GPs are used to a constant stream of either criticism or outright attack. In fact, we are so used to being at the receiving end of this ongoing disapproval that sometimes we don't take it in. Certainly after the last GP contract came into force, we were at the receiving end of a fairly sustained media campaign that centred around being overpaid.

According to the BMA chair, GPs are still under "a drip feed of media attacks", as reported by the univadis GP News service (click here). On the clinical front, there seems to be an ongoing stream of messages that GPs could do better in almost every activity we do.

Of course we should always be aiming to up our game and improve our output, but incessant criticism means that we develop a thick skin and potentially become less reactive to change. How often do you see articles stating that GPs are doing a good job, compared with ones saying we do a bad job? My gut feeling is that the number of the latter is far greater than that of the former. Part of the reason may stem from the description of a GP I remember being given when I was a medical student - that of a "jack of all trades, master of none". That modern source of human knowledge, Wikipedia (click here), defines this phrase as "a figure of speech used in reference to a person that is competent with many skills but is not necessarily outstanding in any particular one." I would argue that is an unfair assessment of a GP.

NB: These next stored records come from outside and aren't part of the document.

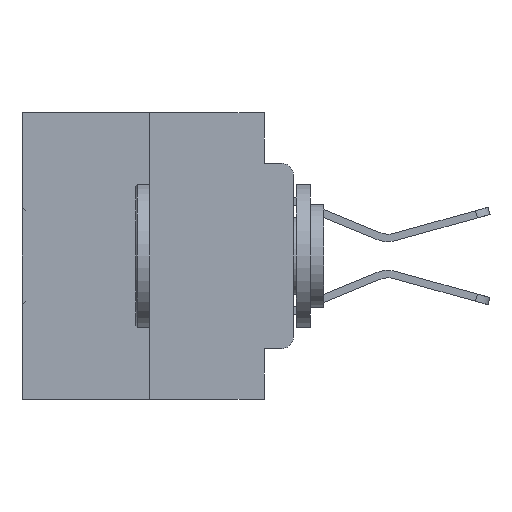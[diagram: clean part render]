
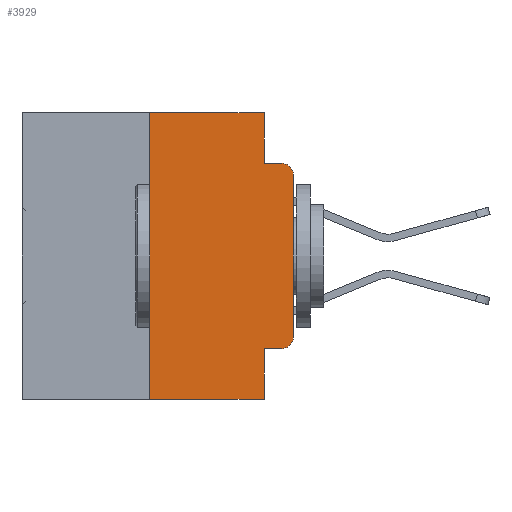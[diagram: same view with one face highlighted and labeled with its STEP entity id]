
A CAD part, left-side view. The second image highlights one B-rep face of the part: STEP entity #3929.
In plain terms, the highlighted planar face has unit normal (-1, 0, 0).
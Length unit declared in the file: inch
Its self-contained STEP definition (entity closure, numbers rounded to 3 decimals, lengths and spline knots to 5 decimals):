
#1709 = LINE ( 'NONE', #11575, #28510 ) ;
#2299 = DIRECTION ( 'NONE',  ( 0., 0., 1. ) ) ;
#2477 = EDGE_CURVE ( 'NONE', #15529, #30112, #5296, .T. ) ;
#2653 = CARTESIAN_POINT ( 'NONE',  ( 0., 0.25, 0. ) ) ;
#2713 = VERTEX_POINT ( 'NONE', #18750 ) ;
#3328 = LINE ( 'NONE', #17271, #16391 ) ;
#3732 = VERTEX_POINT ( 'NONE', #15895 ) ;
#3902 = DIRECTION ( 'NONE',  ( 0., 0., 1. ) ) ;
#3929 = ADVANCED_FACE ( 'NONE', ( #25356 ), #16012, .F. ) ;
#4225 = DIRECTION ( 'NONE',  ( 0., -1., 0. ) ) ;
#4874 = CARTESIAN_POINT ( 'NONE',  ( 0., 0.02, -0.0885 ) ) ;
#5296 = CIRCLE ( 'NONE', #32200, 0.02 ) ;
#5672 = EDGE_LOOP ( 'NONE', ( #16873, #6229, #28550, #23349, #26560, #15217, #23775, #26967, #28582, #12744 ) ) ;
#6229 = ORIENTED_EDGE ( 'NONE', *, *, #23517, .T. ) ;
#6284 = CARTESIAN_POINT ( 'NONE',  ( 0., 0., -0.1085 ) ) ;
#6302 = VERTEX_POINT ( 'NONE', #6284 ) ;
#6817 = CARTESIAN_POINT ( 'NONE',  ( 0., 0.473, -0.5 ) ) ;
#7000 = CARTESIAN_POINT ( 'NONE',  ( 0., 0.051, -0.5 ) ) ;
#7705 = VECTOR ( 'NONE', #4225, 39.37008 ) ;
#8508 = VERTEX_POINT ( 'NONE', #16739 ) ;
#9139 = VERTEX_POINT ( 'NONE', #29766 ) ;
#9246 = EDGE_CURVE ( 'NONE', #8508, #2713, #3328, .T. ) ;
#9670 = CARTESIAN_POINT ( 'NONE',  ( 0., 0.051, 0. ) ) ;
#9839 = EDGE_CURVE ( 'NONE', #3732, #15529, #27632, .T. ) ;
#10444 = CARTESIAN_POINT ( 'NONE',  ( 0., 0.02, -0.1085 ) ) ;
#11311 = VECTOR ( 'NONE', #15126, 39.37008 ) ;
#11409 = LINE ( 'NONE', #30286, #31280 ) ;
#11575 = CARTESIAN_POINT ( 'NONE',  ( 0., 0., 0. ) ) ;
#12121 = DIRECTION ( 'NONE',  ( 0., -1., 0. ) ) ;
#12306 = DIRECTION ( 'NONE',  ( 0., 0., -1. ) ) ;
#12666 = CARTESIAN_POINT ( 'NONE',  ( 0., 0.02, -0.3915 ) ) ;
#12744 = ORIENTED_EDGE ( 'NONE', *, *, #2477, .T. ) ;
#12994 = VECTOR ( 'NONE', #24661, 39.37008 ) ;
#13066 = DIRECTION ( 'NONE',  ( 0., 0., -1. ) ) ;
#13095 = DIRECTION ( 'NONE',  ( 1., 0., 0. ) ) ;
#13404 = DIRECTION ( 'NONE',  ( 0., 0., -1. ) ) ;
#15126 = DIRECTION ( 'NONE',  ( 0., -1., 0. ) ) ;
#15217 = ORIENTED_EDGE ( 'NONE', *, *, #28612, .F. ) ;
#15241 = EDGE_CURVE ( 'NONE', #30112, #6302, #1709, .T. ) ;
#15529 = VERTEX_POINT ( 'NONE', #18048 ) ;
#15621 = CARTESIAN_POINT ( 'NONE',  ( 0., 0.473, 0. ) ) ;
#15760 = VECTOR ( 'NONE', #12306, 39.37008 ) ;
#15895 = CARTESIAN_POINT ( 'NONE',  ( 0., 0.051, -0.4115 ) ) ;
#16012 = PLANE ( 'NONE',  #24584 ) ;
#16212 = DIRECTION ( 'NONE',  ( -1., 0., 0. ) ) ;
#16251 = DIRECTION ( 'NONE',  ( 0., 0., -1. ) ) ;
#16391 = VECTOR ( 'NONE', #19892, 39.37008 ) ;
#16739 = CARTESIAN_POINT ( 'NONE',  ( 0., 0.051, 0. ) ) ;
#16850 = VERTEX_POINT ( 'NONE', #4874 ) ;
#16873 = ORIENTED_EDGE ( 'NONE', *, *, #15241, .T. ) ;
#17271 = CARTESIAN_POINT ( 'NONE',  ( 0., 0.051, 0. ) ) ;
#17962 = CARTESIAN_POINT ( 'NONE',  ( 0., 0.25, 0. ) ) ;
#18048 = CARTESIAN_POINT ( 'NONE',  ( 0., 0.02, -0.4115 ) ) ;
#18377 = LINE ( 'NONE', #25445, #11311 ) ;
#18603 = LINE ( 'NONE', #17962, #22207 ) ;
#18750 = CARTESIAN_POINT ( 'NONE',  ( 0., 0.051, -0.0885 ) ) ;
#19049 = AXIS2_PLACEMENT_3D ( 'NONE', #10444, #28630, #13066 ) ;
#19892 = DIRECTION ( 'NONE',  ( 0., 0., -1. ) ) ;
#20426 = EDGE_CURVE ( 'NONE', #3732, #24556, #22679, .T. ) ;
#22104 = CARTESIAN_POINT ( 'NONE',  ( 0., 0.051, -0.4115 ) ) ;
#22207 = VECTOR ( 'NONE', #2299, 39.37008 ) ;
#22679 = LINE ( 'NONE', #9670, #15760 ) ;
#23349 = ORIENTED_EDGE ( 'NONE', *, *, #9246, .F. ) ;
#23415 = CIRCLE ( 'NONE', #19049, 0.02 ) ;
#23517 = EDGE_CURVE ( 'NONE', #6302, #16850, #23415, .T. ) ;
#23775 = ORIENTED_EDGE ( 'NONE', *, *, #32152, .T. ) ;
#24556 = VERTEX_POINT ( 'NONE', #7000 ) ;
#24584 = AXIS2_PLACEMENT_3D ( 'NONE', #15621, #13095, #16251 ) ;
#24661 = DIRECTION ( 'NONE',  ( 0., -1., 0. ) ) ;
#25356 = FACE_OUTER_BOUND ( 'NONE', #5672, .T. ) ;
#25445 = CARTESIAN_POINT ( 'NONE',  ( 0., 0.051, -0.0885 ) ) ;
#26560 = ORIENTED_EDGE ( 'NONE', *, *, #31010, .F. ) ;
#26967 = ORIENTED_EDGE ( 'NONE', *, *, #20426, .F. ) ;
#27632 = LINE ( 'NONE', #22104, #12994 ) ;
#28386 = LINE ( 'NONE', #6817, #7705 ) ;
#28510 = VECTOR ( 'NONE', #3902, 39.37008 ) ;
#28550 = ORIENTED_EDGE ( 'NONE', *, *, #32272, .F. ) ;
#28582 = ORIENTED_EDGE ( 'NONE', *, *, #9839, .T. ) ;
#28612 = EDGE_CURVE ( 'NONE', #9139, #28707, #18603, .T. ) ;
#28630 = DIRECTION ( 'NONE',  ( -1., 0., 0. ) ) ;
#28707 = VERTEX_POINT ( 'NONE', #2653 ) ;
#29766 = CARTESIAN_POINT ( 'NONE',  ( 0., 0.25, -0.5 ) ) ;
#30112 = VERTEX_POINT ( 'NONE', #32095 ) ;
#30286 = CARTESIAN_POINT ( 'NONE',  ( 0., 0.473, 0. ) ) ;
#31010 = EDGE_CURVE ( 'NONE', #28707, #8508, #11409, .T. ) ;
#31280 = VECTOR ( 'NONE', #12121, 39.37008 ) ;
#32095 = CARTESIAN_POINT ( 'NONE',  ( 0., 0., -0.3915 ) ) ;
#32152 = EDGE_CURVE ( 'NONE', #9139, #24556, #28386, .T. ) ;
#32200 = AXIS2_PLACEMENT_3D ( 'NONE', #12666, #16212, #13404 ) ;
#32272 = EDGE_CURVE ( 'NONE', #2713, #16850, #18377, .T. ) ;

Interestingly, two recent articles published in the univadis GP News service fit with my argument. One article indicated that there is room to improve GPs' prescribing (click here). The other was headlined "GPs struggle with dementia diagnoses" (click here).

Sure, we can strive to be better, but as GPs are by definition generalists, we will never excel at every aspect of the huge and diverse number of clinical and managerial tasks that we have to face every day. Yet that seems to make us an easy target for criticism, particularly with medical complexity increasing at an enormous rate.

We need more facilities, easier access to specialist services and imaging and more time to spend with patients. But even these luxuries will still not allow us to excel at absolutely everything. It will help to improve the service that we offer to our patients, but I fear that may not stop the criticism that seems to be part and parcel of the job.